Grown suspicious of this unacceptable relationship, Simon warns Katherine and shows the photographs of his relatives, particularly of the poet William C. Thomas who seduced his mother “as if to say to Richard that this was the absolute all-time greatest betrayal of history, a case of Brutus stabbing his own father in the lowest possible place, seducing his own father’s bride-to-be while his mother fatally weakened bearing this ungrateful son, died of neglect” (127). But as Katherine was holding the father over the son (112) by entertaining the former in the kitchen and the latter in the bed room at one and the same time (119)and as the infatuation was too deep for Richard, a modern Casanova (113) to resist neither of them paid no heed to Simon’s threats and warnings.
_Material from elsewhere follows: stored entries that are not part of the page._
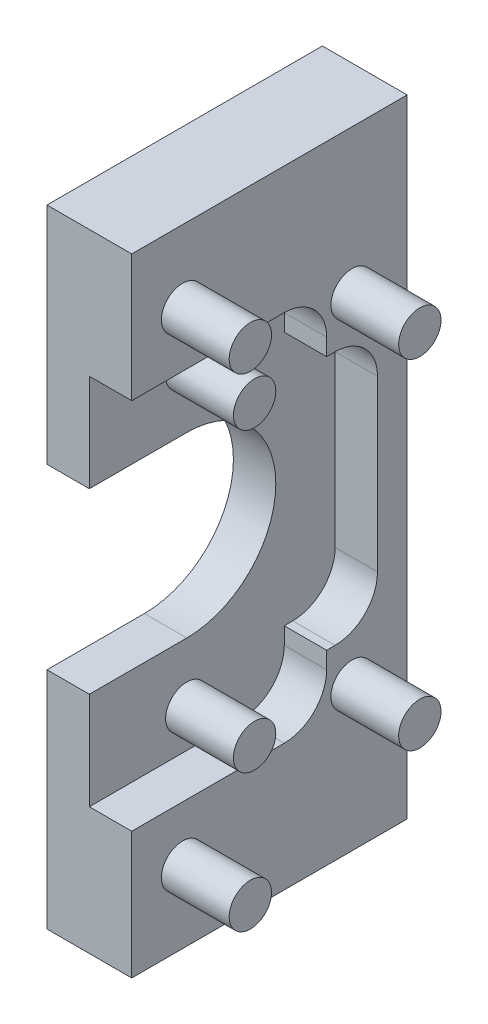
ISO-10303-21;
HEADER;
FILE_DESCRIPTION(('STEP AP214'),'2;1');
FILE_NAME('part.step','',(''),(''),'','','');
FILE_SCHEMA(('AUTOMOTIVE_DESIGN { 1 0 10303 214 1 1 1 1 }'));
ENDSEC;
DATA;
#1=APPLICATION_CONTEXT('core data for automotive mechanical design processes');
#2=APPLICATION_PROTOCOL_DEFINITION('international standard','automotive_design',2000,#1);
#3=PRODUCT_CONTEXT('',#1,'mechanical');
#4=PRODUCT('Part','Part','',(#3));
#5=PRODUCT_RELATED_PRODUCT_CATEGORY('part','',(#4));
#6=PRODUCT_DEFINITION_FORMATION('','',#4);
#7=PRODUCT_DEFINITION_CONTEXT('part definition',#1,'design');
#8=PRODUCT_DEFINITION('design','',#6,#7);
#9=PRODUCT_DEFINITION_SHAPE('','',#8);
#10=(LENGTH_UNIT() NAMED_UNIT(*) SI_UNIT(.MILLI.,.METRE.));
#11=(NAMED_UNIT(*) PLANE_ANGLE_UNIT() SI_UNIT($,.RADIAN.));
#12=(NAMED_UNIT(*) SI_UNIT($,.STERADIAN.) SOLID_ANGLE_UNIT());
#13=UNCERTAINTY_MEASURE_WITH_UNIT(LENGTH_MEASURE(1.E-05),#10,'distance_accuracy_value','');
#14=(GEOMETRIC_REPRESENTATION_CONTEXT(3) GLOBAL_UNCERTAINTY_ASSIGNED_CONTEXT((#13)) GLOBAL_UNIT_ASSIGNED_CONTEXT((#10,
#11,#12)) REPRESENTATION_CONTEXT('',''));
#15=CARTESIAN_POINT('',(0.,0.,0.));
#16=DIRECTION('',(0.,0.,1.));
#17=DIRECTION('',(1.,0.,0.));
#18=AXIS2_PLACEMENT_3D('',#15,#16,#17);
#19=CARTESIAN_POINT('',(-15.885,90.0717967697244,36.));
#20=DIRECTION('',(1.,0.,0.));
#21=DIRECTION('',(0.,-1.,0.));
#22=AXIS2_PLACEMENT_3D('',#19,#20,#21);
#23=PLANE('',#22);
#24=DIRECTION('',(0.,1.,0.));
#25=VECTOR('',#24,1.);
#26=CARTESIAN_POINT('',(-15.885,94.6905989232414,44.));
#27=LINE('',#26,#25);
#28=CARTESIAN_POINT('',(-15.885,94.6905989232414,44.));
#29=VERTEX_POINT('',#28);
#30=CARTESIAN_POINT('',(-15.885,99.3094010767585,44.));
#31=VERTEX_POINT('',#30);
#32=EDGE_CURVE('E1047',#29,#31,#27,.T.);
#33=ORIENTED_EDGE('',*,*,#32,.T.);
#34=DIRECTION('',(0.,0.5,-0.866025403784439));
#35=VECTOR('',#34,1.);
#36=CARTESIAN_POINT('',(-15.885,99.3094010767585,44.));
#37=LINE('',#36,#35);
#38=CARTESIAN_POINT('',(-15.885,101.618802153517,40.));
#39=VERTEX_POINT('',#38);
#40=EDGE_CURVE('E1142',#31,#39,#37,.T.);
#41=ORIENTED_EDGE('',*,*,#40,.T.);
#42=DIRECTION('',(0.,0.5,0.866025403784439));
#43=VECTOR('',#42,1.);
#44=CARTESIAN_POINT('',(-15.8850000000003,99.3094010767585,36.));
#45=LINE('',#44,#43);
#46=CARTESIAN_POINT('',(-15.8850000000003,99.3094010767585,36.));
#47=VERTEX_POINT('',#46);
#48=EDGE_CURVE('E1146',#47,#39,#45,.T.);
#49=ORIENTED_EDGE('',*,*,#48,.F.);
#50=DIRECTION('',(0.,1.,0.));
#51=VECTOR('',#50,1.);
#52=CARTESIAN_POINT('',(-15.885,94.6905989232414,36.));
#53=LINE('',#52,#51);
#54=CARTESIAN_POINT('',(-15.885,94.6905989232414,36.));
#55=VERTEX_POINT('',#54);
#56=EDGE_CURVE('E1154',#55,#47,#53,.T.);
#57=ORIENTED_EDGE('',*,*,#56,.F.);
#58=DIRECTION('',(0.,-0.5,0.866025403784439));
#59=VECTOR('',#58,1.);
#60=CARTESIAN_POINT('',(-15.885,94.6905989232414,36.));
#61=LINE('',#60,#59);
#62=CARTESIAN_POINT('',(-15.885,92.3811978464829,40.));
#63=VERTEX_POINT('',#62);
#64=EDGE_CURVE('E1166',#55,#63,#61,.T.);
#65=ORIENTED_EDGE('',*,*,#64,.T.);
#66=DIRECTION('',(0.,-0.5,-0.866025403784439));
#67=VECTOR('',#66,1.);
#68=CARTESIAN_POINT('',(-15.885,94.6905989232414,44.));
#69=LINE('',#68,#67);
#70=EDGE_CURVE('E1174',#29,#63,#69,.T.);
#71=ORIENTED_EDGE('',*,*,#70,.F.);
#72=EDGE_LOOP('',(#33,#41,#49,#57,#65,#71));
#73=FACE_BOUND('',#72,.T.);
#74=ADVANCED_FACE('F16',(#73),#23,.F.);
#75=CARTESIAN_POINT('',(-15.885,94.6905989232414,44.));
#76=DIRECTION('',(0.,0.866025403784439,-0.5));
#77=DIRECTION('',(0.,-0.5,-0.866025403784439));
#78=AXIS2_PLACEMENT_3D('',#75,#76,#77);
#79=PLANE('',#78);
#80=ORIENTED_EDGE('',*,*,#70,.T.);
#81=DIRECTION('',(-1.,0.,0.));
#82=VECTOR('',#81,1.);
#83=CARTESIAN_POINT('',(-15.885,92.3811978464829,40.));
#84=LINE('',#83,#82);
#85=CARTESIAN_POINT('',(-20.5,92.3811978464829,40.));
#86=VERTEX_POINT('',#85);
#87=EDGE_CURVE('E1178',#63,#86,#84,.T.);
#88=ORIENTED_EDGE('',*,*,#87,.T.);
#89=DIRECTION('',(0.,0.5,0.866025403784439));
#90=VECTOR('',#89,1.);
#91=CARTESIAN_POINT('',(-20.5,92.3811978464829,40.));
#92=LINE('',#91,#90);
#93=CARTESIAN_POINT('',(-20.5,94.6905989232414,44.));
#94=VERTEX_POINT('',#93);
#95=EDGE_CURVE('E1134',#86,#94,#92,.T.);
#96=ORIENTED_EDGE('',*,*,#95,.T.);
#97=DIRECTION('',(-1.,0.,0.));
#98=VECTOR('',#97,1.);
#99=CARTESIAN_POINT('',(-15.885,94.6905989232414,44.));
#100=LINE('',#99,#98);
#101=EDGE_CURVE('E1170',#94,#29,#100,.F.);
#102=ORIENTED_EDGE('',*,*,#101,.T.);
#103=EDGE_LOOP('',(#80,#88,#96,#102));
#104=FACE_BOUND('',#103,.T.);
#105=ADVANCED_FACE('F1201',(#104),#79,.T.);
#106=CARTESIAN_POINT('',(-15.885,94.6905989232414,44.));
#107=DIRECTION('',(0.,0.,1.));
#108=DIRECTION('',(0.,1.,0.));
#109=AXIS2_PLACEMENT_3D('',#106,#107,#108);
#110=PLANE('',#109);
#111=DIRECTION('',(-1.,0.,0.));
#112=VECTOR('',#111,1.);
#113=CARTESIAN_POINT('',(-15.885,99.3094010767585,44.));
#114=LINE('',#113,#112);
#115=CARTESIAN_POINT('',(-20.5,99.3094010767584,44.));
#116=VERTEX_POINT('',#115);
#117=EDGE_CURVE('E1138',#116,#31,#114,.F.);
#118=ORIENTED_EDGE('',*,*,#117,.T.);
#119=ORIENTED_EDGE('',*,*,#32,.F.);
#120=ORIENTED_EDGE('',*,*,#101,.F.);
#121=DIRECTION('',(0.,-1.,0.));
#122=VECTOR('',#121,1.);
#123=CARTESIAN_POINT('',(-20.5,97.,44.));
#124=LINE('',#123,#122);
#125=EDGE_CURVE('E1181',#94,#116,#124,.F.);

Katherine’s instantaneous rejection of Simon’s proposal to “live with him” on Leah’s death, confirms his suspicion and infuriates him (120) and his advice to

Richard “to leave her alone” (128) to enable her to move into their house under the pretext of nursing his ailing mother, provokes the son. As a result, there ensues a duel between the father and the son (129). Leah Thomas who witnessed the deadly battle and shouted at her husband to run for safety (129), collapsed.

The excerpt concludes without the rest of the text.